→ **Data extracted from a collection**
***

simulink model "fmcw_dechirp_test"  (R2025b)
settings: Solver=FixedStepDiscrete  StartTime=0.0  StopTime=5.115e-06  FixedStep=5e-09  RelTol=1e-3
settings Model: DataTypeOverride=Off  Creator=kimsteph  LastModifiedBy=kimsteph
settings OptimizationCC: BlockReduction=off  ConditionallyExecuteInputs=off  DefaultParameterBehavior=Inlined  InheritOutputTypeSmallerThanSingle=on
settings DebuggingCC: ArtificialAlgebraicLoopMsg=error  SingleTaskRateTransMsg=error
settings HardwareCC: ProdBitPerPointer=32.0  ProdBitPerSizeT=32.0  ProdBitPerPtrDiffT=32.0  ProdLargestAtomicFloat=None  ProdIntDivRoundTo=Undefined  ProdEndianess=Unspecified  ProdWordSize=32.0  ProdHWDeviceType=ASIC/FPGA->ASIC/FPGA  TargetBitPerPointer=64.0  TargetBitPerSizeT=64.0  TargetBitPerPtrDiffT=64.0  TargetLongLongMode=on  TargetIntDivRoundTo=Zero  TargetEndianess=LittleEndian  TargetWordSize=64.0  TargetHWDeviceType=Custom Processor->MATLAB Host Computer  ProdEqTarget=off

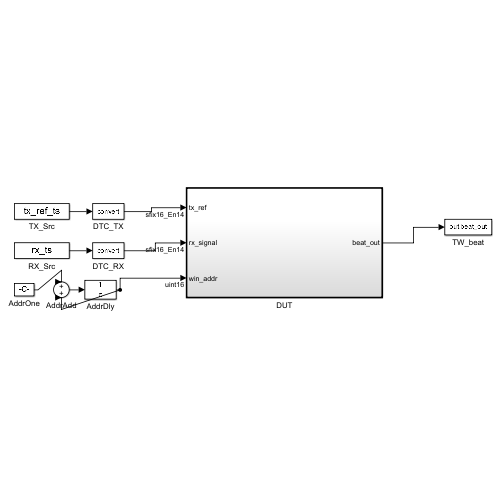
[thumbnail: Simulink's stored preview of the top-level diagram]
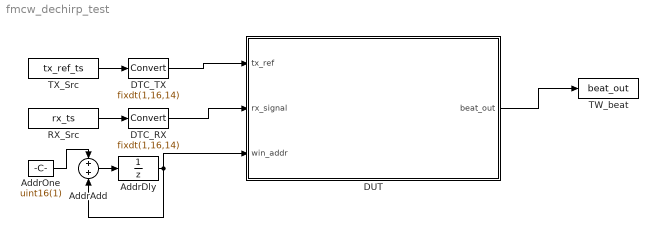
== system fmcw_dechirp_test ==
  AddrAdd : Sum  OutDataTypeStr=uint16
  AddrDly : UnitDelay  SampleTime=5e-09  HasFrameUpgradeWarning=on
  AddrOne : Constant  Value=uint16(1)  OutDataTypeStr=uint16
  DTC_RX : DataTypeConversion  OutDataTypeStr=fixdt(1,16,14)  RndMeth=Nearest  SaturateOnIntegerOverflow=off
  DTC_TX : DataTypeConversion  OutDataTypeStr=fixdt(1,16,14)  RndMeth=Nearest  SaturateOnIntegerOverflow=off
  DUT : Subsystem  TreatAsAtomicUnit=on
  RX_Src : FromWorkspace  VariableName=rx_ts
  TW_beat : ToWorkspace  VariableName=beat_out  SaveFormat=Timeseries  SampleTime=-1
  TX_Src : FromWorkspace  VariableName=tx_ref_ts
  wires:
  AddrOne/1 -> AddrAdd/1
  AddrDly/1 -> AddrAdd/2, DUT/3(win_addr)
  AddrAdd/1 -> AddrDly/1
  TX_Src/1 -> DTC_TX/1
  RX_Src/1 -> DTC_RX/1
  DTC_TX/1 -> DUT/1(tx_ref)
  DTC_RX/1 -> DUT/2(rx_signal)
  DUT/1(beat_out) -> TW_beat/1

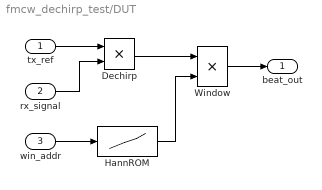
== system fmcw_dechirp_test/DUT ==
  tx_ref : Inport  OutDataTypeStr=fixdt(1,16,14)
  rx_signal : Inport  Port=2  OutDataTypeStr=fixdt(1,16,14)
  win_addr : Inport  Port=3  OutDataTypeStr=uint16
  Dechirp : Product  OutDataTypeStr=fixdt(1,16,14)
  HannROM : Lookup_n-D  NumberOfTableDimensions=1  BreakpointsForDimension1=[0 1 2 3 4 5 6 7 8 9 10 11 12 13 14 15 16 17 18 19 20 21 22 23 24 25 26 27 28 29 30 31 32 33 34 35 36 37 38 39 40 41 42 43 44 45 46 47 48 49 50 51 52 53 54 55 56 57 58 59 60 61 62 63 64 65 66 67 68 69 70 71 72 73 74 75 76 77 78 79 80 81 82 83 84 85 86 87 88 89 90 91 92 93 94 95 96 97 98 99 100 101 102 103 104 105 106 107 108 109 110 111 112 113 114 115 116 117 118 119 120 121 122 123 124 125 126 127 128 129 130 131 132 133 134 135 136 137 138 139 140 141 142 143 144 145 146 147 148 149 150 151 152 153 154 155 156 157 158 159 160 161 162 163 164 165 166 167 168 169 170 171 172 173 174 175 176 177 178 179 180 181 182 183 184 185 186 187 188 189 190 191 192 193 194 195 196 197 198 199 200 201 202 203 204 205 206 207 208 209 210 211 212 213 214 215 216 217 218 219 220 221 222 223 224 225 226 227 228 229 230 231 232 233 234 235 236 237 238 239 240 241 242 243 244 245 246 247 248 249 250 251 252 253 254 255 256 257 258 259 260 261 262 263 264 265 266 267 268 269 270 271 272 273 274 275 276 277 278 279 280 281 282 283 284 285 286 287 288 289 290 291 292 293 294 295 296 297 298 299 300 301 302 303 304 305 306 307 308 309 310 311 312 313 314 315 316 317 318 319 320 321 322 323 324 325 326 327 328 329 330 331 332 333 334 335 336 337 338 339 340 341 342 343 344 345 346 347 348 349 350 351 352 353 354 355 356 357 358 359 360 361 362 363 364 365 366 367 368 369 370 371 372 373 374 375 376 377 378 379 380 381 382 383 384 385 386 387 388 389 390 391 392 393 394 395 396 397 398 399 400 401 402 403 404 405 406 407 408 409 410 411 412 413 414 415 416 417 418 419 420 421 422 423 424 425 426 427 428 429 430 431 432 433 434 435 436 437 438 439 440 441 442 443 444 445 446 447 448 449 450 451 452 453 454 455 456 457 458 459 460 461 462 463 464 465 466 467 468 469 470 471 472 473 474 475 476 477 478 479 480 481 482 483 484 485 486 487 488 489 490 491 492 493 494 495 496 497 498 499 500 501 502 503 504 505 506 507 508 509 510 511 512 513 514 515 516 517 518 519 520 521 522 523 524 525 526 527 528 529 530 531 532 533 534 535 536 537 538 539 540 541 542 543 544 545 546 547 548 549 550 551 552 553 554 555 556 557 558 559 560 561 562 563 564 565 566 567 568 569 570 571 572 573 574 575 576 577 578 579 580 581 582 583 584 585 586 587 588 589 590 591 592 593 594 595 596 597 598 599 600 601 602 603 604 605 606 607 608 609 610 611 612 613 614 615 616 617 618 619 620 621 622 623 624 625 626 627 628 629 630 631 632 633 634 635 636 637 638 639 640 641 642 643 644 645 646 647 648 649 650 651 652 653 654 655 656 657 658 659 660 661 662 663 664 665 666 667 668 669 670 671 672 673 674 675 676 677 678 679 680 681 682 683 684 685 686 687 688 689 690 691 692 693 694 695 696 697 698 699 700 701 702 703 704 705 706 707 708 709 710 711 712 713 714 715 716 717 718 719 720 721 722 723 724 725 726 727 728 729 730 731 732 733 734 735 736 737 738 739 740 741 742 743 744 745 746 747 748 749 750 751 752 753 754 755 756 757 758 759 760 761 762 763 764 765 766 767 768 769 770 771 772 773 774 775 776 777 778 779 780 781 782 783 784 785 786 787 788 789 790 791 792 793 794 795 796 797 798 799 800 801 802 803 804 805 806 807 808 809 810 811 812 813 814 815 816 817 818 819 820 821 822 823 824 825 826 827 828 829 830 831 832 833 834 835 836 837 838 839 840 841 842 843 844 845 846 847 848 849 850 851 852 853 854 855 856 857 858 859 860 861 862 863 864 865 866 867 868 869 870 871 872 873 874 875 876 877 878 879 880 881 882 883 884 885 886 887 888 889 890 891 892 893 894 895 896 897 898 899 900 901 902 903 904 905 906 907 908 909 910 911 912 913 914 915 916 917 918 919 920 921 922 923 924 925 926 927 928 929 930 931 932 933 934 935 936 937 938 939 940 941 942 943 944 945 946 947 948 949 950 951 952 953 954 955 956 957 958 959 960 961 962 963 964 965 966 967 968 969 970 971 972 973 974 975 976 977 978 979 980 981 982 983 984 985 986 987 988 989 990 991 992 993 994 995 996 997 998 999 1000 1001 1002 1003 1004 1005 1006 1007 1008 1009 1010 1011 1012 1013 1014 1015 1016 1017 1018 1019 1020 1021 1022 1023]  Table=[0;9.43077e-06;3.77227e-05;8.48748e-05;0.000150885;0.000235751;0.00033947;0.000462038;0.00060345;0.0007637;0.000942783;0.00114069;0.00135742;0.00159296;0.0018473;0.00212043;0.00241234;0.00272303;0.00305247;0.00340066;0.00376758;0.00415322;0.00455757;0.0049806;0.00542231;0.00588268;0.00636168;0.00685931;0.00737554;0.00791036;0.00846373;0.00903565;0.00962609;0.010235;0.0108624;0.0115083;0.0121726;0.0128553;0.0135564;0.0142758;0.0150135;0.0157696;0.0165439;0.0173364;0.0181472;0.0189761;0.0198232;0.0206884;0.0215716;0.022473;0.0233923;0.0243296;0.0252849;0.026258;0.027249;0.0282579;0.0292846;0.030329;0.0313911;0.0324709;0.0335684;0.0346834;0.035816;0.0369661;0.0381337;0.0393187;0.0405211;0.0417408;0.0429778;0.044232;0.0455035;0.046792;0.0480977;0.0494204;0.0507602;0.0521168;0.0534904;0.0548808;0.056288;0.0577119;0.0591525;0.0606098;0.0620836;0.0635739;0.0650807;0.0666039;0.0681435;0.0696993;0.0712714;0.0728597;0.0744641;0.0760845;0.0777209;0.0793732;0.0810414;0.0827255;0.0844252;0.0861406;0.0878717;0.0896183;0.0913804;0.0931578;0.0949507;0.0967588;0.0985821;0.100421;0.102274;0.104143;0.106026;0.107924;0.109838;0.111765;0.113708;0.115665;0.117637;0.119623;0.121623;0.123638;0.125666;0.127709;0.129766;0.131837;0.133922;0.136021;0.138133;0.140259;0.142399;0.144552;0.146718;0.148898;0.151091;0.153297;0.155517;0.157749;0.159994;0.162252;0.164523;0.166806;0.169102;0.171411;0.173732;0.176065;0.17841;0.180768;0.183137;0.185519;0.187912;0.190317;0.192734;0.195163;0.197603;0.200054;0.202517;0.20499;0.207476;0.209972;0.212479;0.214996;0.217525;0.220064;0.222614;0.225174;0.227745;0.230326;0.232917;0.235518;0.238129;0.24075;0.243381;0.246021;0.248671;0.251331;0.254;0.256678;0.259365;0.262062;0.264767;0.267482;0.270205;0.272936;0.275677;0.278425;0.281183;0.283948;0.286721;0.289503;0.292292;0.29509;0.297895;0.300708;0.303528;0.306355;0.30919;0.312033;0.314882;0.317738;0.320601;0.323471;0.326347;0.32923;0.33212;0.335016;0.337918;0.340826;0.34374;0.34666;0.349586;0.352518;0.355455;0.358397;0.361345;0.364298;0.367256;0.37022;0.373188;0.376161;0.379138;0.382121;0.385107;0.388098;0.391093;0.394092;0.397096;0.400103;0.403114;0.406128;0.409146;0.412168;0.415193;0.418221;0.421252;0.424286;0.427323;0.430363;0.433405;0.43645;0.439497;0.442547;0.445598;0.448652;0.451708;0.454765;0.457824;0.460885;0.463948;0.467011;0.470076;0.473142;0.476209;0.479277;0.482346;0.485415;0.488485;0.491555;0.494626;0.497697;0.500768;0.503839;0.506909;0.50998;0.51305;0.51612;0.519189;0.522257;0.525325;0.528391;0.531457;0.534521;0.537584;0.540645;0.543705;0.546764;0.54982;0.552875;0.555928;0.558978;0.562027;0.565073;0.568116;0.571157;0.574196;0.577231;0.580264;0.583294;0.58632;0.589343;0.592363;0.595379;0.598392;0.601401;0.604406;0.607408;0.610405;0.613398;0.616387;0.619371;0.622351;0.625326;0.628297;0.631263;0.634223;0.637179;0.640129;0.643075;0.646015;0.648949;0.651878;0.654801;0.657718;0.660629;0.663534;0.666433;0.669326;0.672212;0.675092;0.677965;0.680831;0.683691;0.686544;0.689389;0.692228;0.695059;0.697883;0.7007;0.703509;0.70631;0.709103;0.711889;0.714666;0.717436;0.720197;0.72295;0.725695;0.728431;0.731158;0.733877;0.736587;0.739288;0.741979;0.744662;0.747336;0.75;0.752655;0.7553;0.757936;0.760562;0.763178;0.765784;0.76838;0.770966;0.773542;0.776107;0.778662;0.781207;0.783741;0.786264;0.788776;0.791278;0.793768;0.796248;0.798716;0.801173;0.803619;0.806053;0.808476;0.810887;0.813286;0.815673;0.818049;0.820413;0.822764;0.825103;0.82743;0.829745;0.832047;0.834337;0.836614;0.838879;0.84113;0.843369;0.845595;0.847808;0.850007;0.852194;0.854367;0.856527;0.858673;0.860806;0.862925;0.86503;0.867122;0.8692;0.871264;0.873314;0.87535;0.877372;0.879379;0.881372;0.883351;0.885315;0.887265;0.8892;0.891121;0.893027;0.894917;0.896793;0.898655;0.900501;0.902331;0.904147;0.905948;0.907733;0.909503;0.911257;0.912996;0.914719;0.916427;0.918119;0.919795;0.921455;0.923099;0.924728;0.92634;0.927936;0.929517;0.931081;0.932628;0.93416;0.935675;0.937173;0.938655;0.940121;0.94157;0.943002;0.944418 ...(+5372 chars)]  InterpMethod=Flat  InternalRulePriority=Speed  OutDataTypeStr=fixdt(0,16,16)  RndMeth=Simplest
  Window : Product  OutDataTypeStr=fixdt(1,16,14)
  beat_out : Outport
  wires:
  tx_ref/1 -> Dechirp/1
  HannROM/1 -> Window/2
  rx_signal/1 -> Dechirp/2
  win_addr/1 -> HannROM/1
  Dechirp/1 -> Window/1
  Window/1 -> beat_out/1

***

→ **Task**
The answer must consist of the lines from the one with "beat_out : Outport" through the final line of the entries above, exactly as they are, and nothing else.

→ **Answer to this problem**
  beat_out : Outport
  wires:
  tx_ref/1 -> Dechirp/1
  HannROM/1 -> Window/2
  rx_signal/1 -> Dechirp/2
  win_addr/1 -> HannROM/1
  Dechirp/1 -> Window/1
  Window/1 -> beat_out/1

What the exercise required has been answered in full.